Justice Department and FBI officials described the case as an example of insider misuse of technical access and emphasized the importance of early identification of insider threats in corporate environments.
Source: https://www.tweaktown.com/news/107281/developer-sentenced-to-prison-after-nuking-corporate-network-with-revenge-malware/index.html
Commentary
In the above matter, the former employee is accused of creating "non-terminating threads in an infinite loop". Non-terminating threads in an infinite loop are execution paths that start running and never reach a normal exit condition because their loop condition is always true or never updated in a way that allows the thread to finish.
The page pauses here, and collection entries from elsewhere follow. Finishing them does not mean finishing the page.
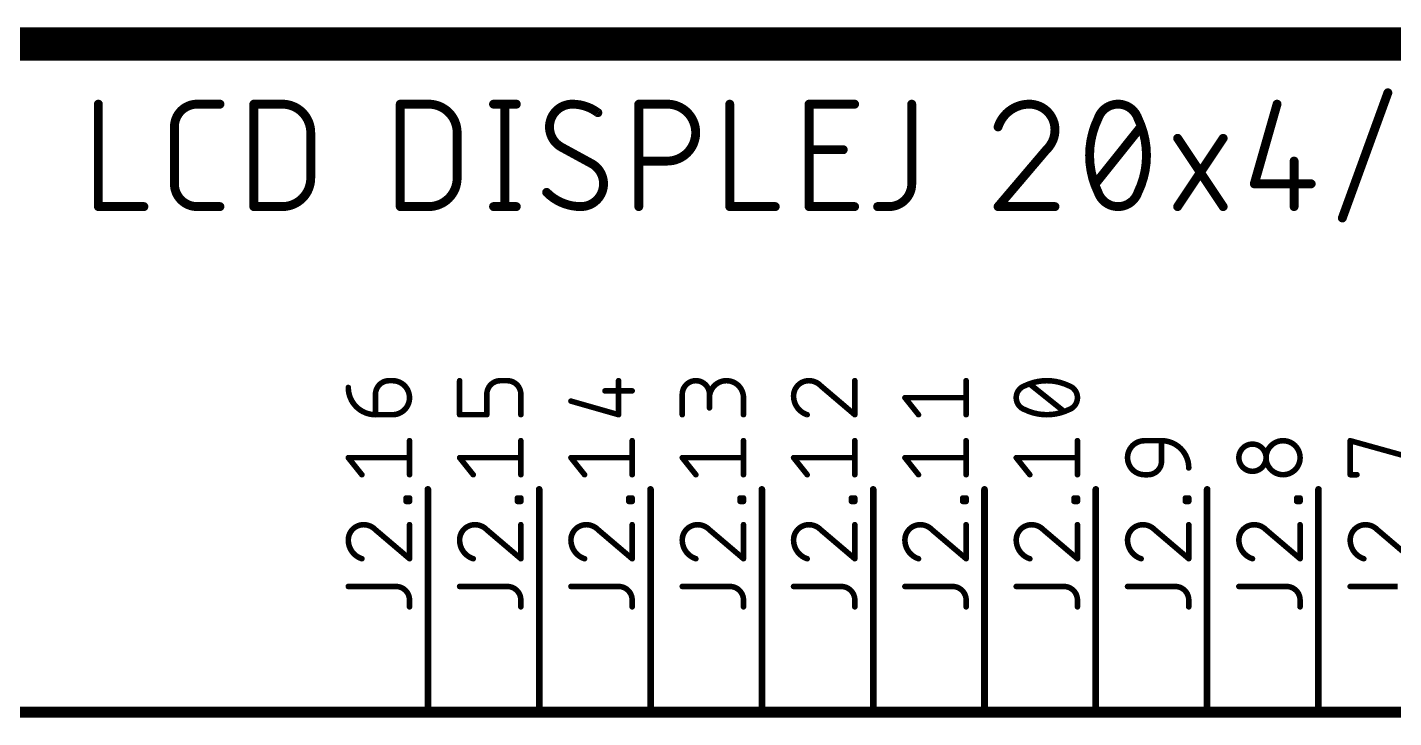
# Model space of a CAD drawing. Extents: x -56 to 205, y -3 to 177.
# Drawn here: x 112.78 to 143.96, y 88.77 to 104.52 of the extents above; entities that cross this region are included whole.
import ezdxf

# ---------------------------------------------------------------- set-up
doc = ezdxf.new("R2010")
doc.units = 0
for name, color, linetype in [('90', 214, 'CONTINUOUS'), ('94', 14, 'CONTINUOUS'), ('95', 250, 'CONTINUOUS')]:
    doc.layers.add(name, color=color, linetype=linetype)

msp = doc.modelspace()

# ---------------------------------------------------------------- linework, layer by layer
at = {"layer": '90'}
for points, const_width in [([(187.96, 104.14), (111.76, 104.14)], 0.762), ([(142.7849, 100.172), (143.8235, 103.028)], 0.2032), ([(114.4016, 102.7684), (114.4016, 100.4316)], 0.2032), ([(116.656, 102.7684), (117.1753, 102.7684)], 0.2032), ([(117.9486, 100.4316), (117.9486, 102.7684)], 0.2032), ([(117.9486, 102.7684), (118.5977, 102.7684)], 0.2032), ([(121.2891, 100.4316), (121.2891, 102.7684)], 0.2032), ([(121.2891, 102.7684), (121.9383, 102.7684)], 0.2032), ([(123.4185, 102.7684), (123.9378, 102.7684)], 0.2032), ([(123.6782, 102.7684), (123.6782, 100.4316)], 0.2032), ([(126.7324, 100.4316), (126.7324, 102.7684)], 0.2032), ([(126.7324, 102.7684), (127.3815, 102.7684)], 0.2032), ([(128.8079, 102.7684), (128.8079, 100.4316)], 0.2032), ([(130.6174, 100.4316), (130.6174, 102.7684)], 0.2032), ([(130.6174, 102.7684), (131.656, 102.7684)], 0.2032), ([(132.9601, 102.7684), (132.9601, 100.9509)], 0.2032), ([(141.2953, 102.7684), (140.776, 100.9509)], 0.2032), ([(116.1367, 100.9509), (116.1367, 102.2491)], 0.2032), ([(137.1476, 100.9509), (138.1862, 102.2491)], 0.2032), ([(119.2468, 102.1193), (119.2468, 101.0807)], 0.2032), ([(122.5874, 102.1193), (122.5874, 101.0807)], 0.2032), ([(139.0267, 100.4316), (140.0653, 101.9895)], 0.2032), ([(139.0267, 101.9895), (140.0653, 100.4316)], 0.2032), ([(125.6683, 101.4053), (124.9543, 101.7947)], 0.2032), ([(130.6174, 101.7298), (131.3964, 101.7298)], 0.2032), ([(136.0334, 101.7298), (134.9299, 100.4316)], 0.2032), ([(127.3815, 101.4702), (126.7324, 101.4702)], 0.2032), ([(141.6847, 101.4702), (141.6847, 100.4316)], 0.2032), ([(140.776, 100.9509), (142.0742, 100.9509)], 0.2032), ([(114.4016, 100.4316), (115.4402, 100.4316)], 0.2032), ([(117.1753, 100.4316), (116.656, 100.4316)], 0.2032), ([(118.5977, 100.4316), (117.9486, 100.4316)], 0.2032), ([(121.9383, 100.4316), (121.2891, 100.4316)], 0.2032), ([(123.4185, 100.4316), (123.9378, 100.4316)], 0.2032), ([(128.8079, 100.4316), (129.8465, 100.4316)], 0.2032), ([(131.656, 100.4316), (130.6174, 100.4316)], 0.2032), ([(132.4408, 100.4316), (132.1812, 100.4316)], 0.2032), ([(134.9299, 100.4316), (136.2282, 100.4316)], 0.2032)]:
    msp.add_lwpolyline(points, dxfattribs=dict(at, const_width=const_width))
for points, const_width in [([(143.8712, 103.0107, 1), (143.7757, 103.0454)], 0.1016), ([(114.4524, 102.7684, 1), (114.3508, 102.7684)], 0.1016), ([(116.656, 102.7684, 0.4142), (116.1367, 102.2491)], 0.2032), ([(116.656, 102.8192, 1), (116.656, 102.7176)], 0.1016), ([(116.656, 102.7176, 1), (116.656, 102.8192)], 0.1016), ([(117.1753, 102.7176, 1), (117.1753, 102.8192)], 0.1016), ([(117.9994, 102.7684, 1), (117.8978, 102.7684)], 0.1016), ([(117.9486, 102.8192, 1), (117.9486, 102.7176)], 0.1016), ([(119.2468, 102.1193, 0.4142), (118.5977, 102.7684)], 0.2032), ([(118.5977, 102.8192, 1), (118.5977, 102.7176)], 0.1016), ([(118.5977, 102.7176, 1), (118.5977, 102.8192)], 0.1016), ([(121.3399, 102.7684, 1), (121.2383, 102.7684)], 0.1016), ([(121.2891, 102.8192, 1), (121.2891, 102.7176)], 0.1016), ([(122.5874, 102.1193, 0.4142), (121.9383, 102.7684)], 0.2032), ([(121.9383, 102.8192, 1), (121.9383, 102.7176)], 0.1016), ([(121.9383, 102.7176, 1), (121.9383, 102.8192)], 0.1016), ([(123.4185, 102.8192, 1), (123.4185, 102.7176)], 0.1016), ([(123.729, 102.7684, 1), (123.6274, 102.7684)], 0.1016), ([(123.9378, 102.7176, 1), (123.9378, 102.8192)], 0.1016), ([(125.2139, 102.7684, 0.4142), (124.6947, 102.2491)], 0.2032), ([(125.7981, 102.5737, 0.1623), (125.2139, 102.7684)], 0.2032), ([(125.2139, 102.8192, 1), (125.2139, 102.7176)], 0.1016), ([(125.2139, 102.7176, 1), (125.2139, 102.8192)], 0.1016), ([(125.7677, 102.533, 1), (125.8286, 102.6143)], 0.1016), ([(126.7832, 102.7684, 1), (126.6816, 102.7684)], 0.1016), ([(126.7324, 102.8192, 1), (126.7324, 102.7176)], 0.1016), ([(127.3815, 101.4702, 1), (127.3815, 102.7684)], 0.2032), ([(127.3815, 102.8192, 1), (127.3815, 102.7176)], 0.1016), ([(127.3815, 102.7176, 1), (127.3815, 102.8192)], 0.1016), ([(128.8587, 102.7684, 1), (128.7571, 102.7684)], 0.1016), ([(130.6682, 102.7684, 1), (130.5666, 102.7684)], 0.1016), ([(130.6174, 102.8192, 1), (130.6174, 102.7176)], 0.1016), ([(131.656, 102.7176, 1), (131.656, 102.8192)], 0.1016), ([(133.0109, 102.7684, 1), (132.9093, 102.7684)], 0.1016), ([(135.644, 102.7684, 0.3252), (134.9299, 102.2491)], 0.2032), ([(136.2282, 102.1842, 0.4142), (135.644, 102.7684)], 0.2032), ([(135.644, 102.8192, 1), (135.644, 102.7176)], 0.1016), ([(135.644, 102.7176, 1), (135.644, 102.8192)], 0.1016), ([(137.6669, 102.7684, 0.3205), (137.2125, 102.4438)], 0.2032), ([(138.1213, 102.4438, 0.3205), (137.6669, 102.7684)], 0.2032), ([(137.6669, 102.8192, 1), (137.6669, 102.7176)], 0.1016), ([(137.6669, 102.7176, 1), (137.6669, 102.8192)], 0.1016), ([(141.3441, 102.7544, 1), (141.2464, 102.7824)], 0.1016), ([(116.1875, 102.2491, 1), (116.0859, 102.2491)], 0.1016), ([(116.0859, 102.2491, 1), (116.1875, 102.2491)], 0.1016), ([(124.6947, 102.2491, 0.2656), (124.9543, 101.7947)], 0.2032), ([(124.7455, 102.2491, 1), (124.6439, 102.2491)], 0.1016), ([(124.6439, 102.2491, 1), (124.7455, 102.2491)], 0.1016), ([(134.8816, 102.2648, 1), (134.9783, 102.2335)], 0.1016), ([(136.0334, 101.7298, 0.2053), (136.2282, 102.1842)], 0.2032), ([(136.279, 102.1842, 1), (136.1774, 102.1842)], 0.1016), ([(137.2125, 102.4438, 0.1139), (137.0178, 101.6)], 0.2032), ([(137.1645, 102.4603, 1), (137.2606, 102.4274)], 0.1016), ([(137.2582, 102.4216, 1), (137.1669, 102.4661)], 0.1016), ([(138.167, 102.4661, 1), (138.0756, 102.4216)], 0.1016), ([(138.316, 101.6, 0.1139), (138.1213, 102.4438)], 0.2032), ([(138.0732, 102.4274, 1), (138.1694, 102.4603)], 0.1016), ([(138.2259, 102.2174, 1), (138.1465, 102.2808)], 0.1016), ([(119.2976, 102.1193, 1), (119.196, 102.1193)], 0.1016), ([(119.196, 102.1193, 1), (119.2976, 102.1193)], 0.1016), ([(122.6382, 102.1193, 1), (122.5366, 102.1193)], 0.1016), ([(122.5366, 102.1193, 1), (122.6382, 102.1193)], 0.1016), ([(136.1774, 102.1842, 1), (136.279, 102.1842)], 0.1016), ([(139.069, 102.0176, 1), (138.9845, 101.9613)], 0.1016), ([(140.1076, 101.9613, 1), (140.023, 102.0176)], 0.1016), ([(124.9786, 101.8393, 1), (124.93, 101.7501)], 0.1016), ([(124.9285, 101.751, 1), (124.9801, 101.8385)], 0.1016), ([(130.6174, 101.7806, 1), (130.6174, 101.679)], 0.1016), ([(131.3964, 101.679, 1), (131.3964, 101.7806)], 0.1016), ([(135.9984, 101.7666, 1), (136.0685, 101.693)], 0.1016), ([(136.0721, 101.6969, 1), (135.9947, 101.7627)], 0.1016), ([(137.0178, 101.6, 0.1139), (137.2125, 100.7562)], 0.2032), ([(137.0686, 101.6, 1), (136.967, 101.6)], 0.1016), ([(136.967, 101.6, 1), (137.0686, 101.6)], 0.1016), ([(138.1213, 100.7562, 0.1139), (138.316, 101.6)], 0.2032), ([(138.3668, 101.6, 1), (138.2652, 101.6)], 0.1016), ([(138.2652, 101.6, 1), (138.3668, 101.6)], 0.1016), ([(125.928, 100.9509, 0.2656), (125.6683, 101.4053)], 0.2032), ([(125.6941, 101.449, 1), (125.6425, 101.3615)], 0.1016), ([(125.644, 101.3607, 1), (125.6926, 101.4499)], 0.1016), ([(126.7324, 101.521, 1), (126.7324, 101.4194)], 0.1016), ([(127.3815, 101.521, 1), (127.3815, 101.4194)], 0.1016), ([(127.3815, 101.4194, 1), (127.3815, 101.521)], 0.1016), ([(141.7355, 101.4702, 1), (141.6339, 101.4702)], 0.1016), ([(116.1367, 100.9509, 0.4142), (116.656, 100.4316)], 0.2032), ([(116.1875, 100.9509, 1), (116.0859, 100.9509)], 0.1016), ([(118.5977, 100.4316, 0.4142), (119.2468, 101.0807)], 0.2032), ([(119.2976, 101.0807, 1), (119.196, 101.0807)], 0.1016), ([(119.196, 101.0807, 1), (119.2976, 101.0807)], 0.1016), ([(121.9383, 100.4316, 0.4142), (122.5874, 101.0807)], 0.2032), ([(122.6382, 101.0807, 1), (122.5366, 101.0807)], 0.1016), ([(122.5366, 101.0807, 1), (122.6382, 101.0807)], 0.1016), ([(125.4087, 100.4316, 0.4142), (125.928, 100.9509)], 0.2032), ([(125.9788, 100.9509, 1), (125.8772, 100.9509)], 0.1016), ([(132.4408, 100.4316, 0.4142), (132.9601, 100.9509)], 0.2032), ([(133.0109, 100.9509, 1), (132.9093, 100.9509)], 0.1016), ([(137.108, 100.9826, 1), (137.1873, 100.9192)], 0.1016), ([(140.7271, 100.9648, 1), (140.8248, 100.9369)], 0.1016), ([(140.776, 101.0017, 1), (140.776, 100.9001)], 0.1016), ([(142.0742, 100.9001, 1), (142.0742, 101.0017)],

In a malicious context, each such thread repeatedly performs work without stopping, and when many of these threads are created, they can collectively consume CPU cycles, memory, and other system resources until the underlying server or application becomes unresponsive or crashes. When the loop logic also allocates memory, opens connections, or writes to disk without proper limits, resource exhaustion accelerates and can propagate across clustered or dependent systems.
This type of attack crashes systems by overwhelming core resources that the operating system and other applications need to function. Excessive thread creation increases the number of active execution contexts the scheduler must manage, driving CPU utilization to sustained high levels and increasing context switching overhead.
As more threads run infinite loops, queues, memory pools, and other shared structures fill or fragment, which can trigger out-of-memory conditions, watchdog timeouts, and failures in authentication, logging, or organization services that depend on timely access to those resources. In networked environments, these failures can cascade into broader outages when identity services, file shares, or application backends become unavailable or start refusing connections.
From a loss prevention and insider threat perspective, several patterns can indicate that an insider has created non-terminating threads in an infinite loop including:
· Unexplained spikes in thread counts for a particular process, especially shortly after a personnel action such as a role change, access revocation, or termination. These are key technical indicators when correlated with abnormal CPU and memory consumption for that process.
· Unusual executable names, scheduled tasks, or services tied to an individual's account, particularly those put into use shortly before a departure or privilege change. These,\ warrant prompt review.
From a solely loss prevention standpoint, source code, configuration repositories, and deployment pipelines should be monitored for new or modified components that instantiate large numbers of threads or loops with no clear termination condition or external control, especially where those components are linked to authentication, access control, or shutdown events.
Centralized logging and application performance monitoring can support early detection by flagging sudden degradations in performance, repeated failures to service routine requests, and recurring patterns that align with code paths owned or modified by a specific insider.
The final takeaway is that before termination of a person with the ability to harm or degrade a system, steps must be taken to ensure that a "poison pill" has not been created to trigger at the time of the termination and, if it has, dismantle it prior to the termination.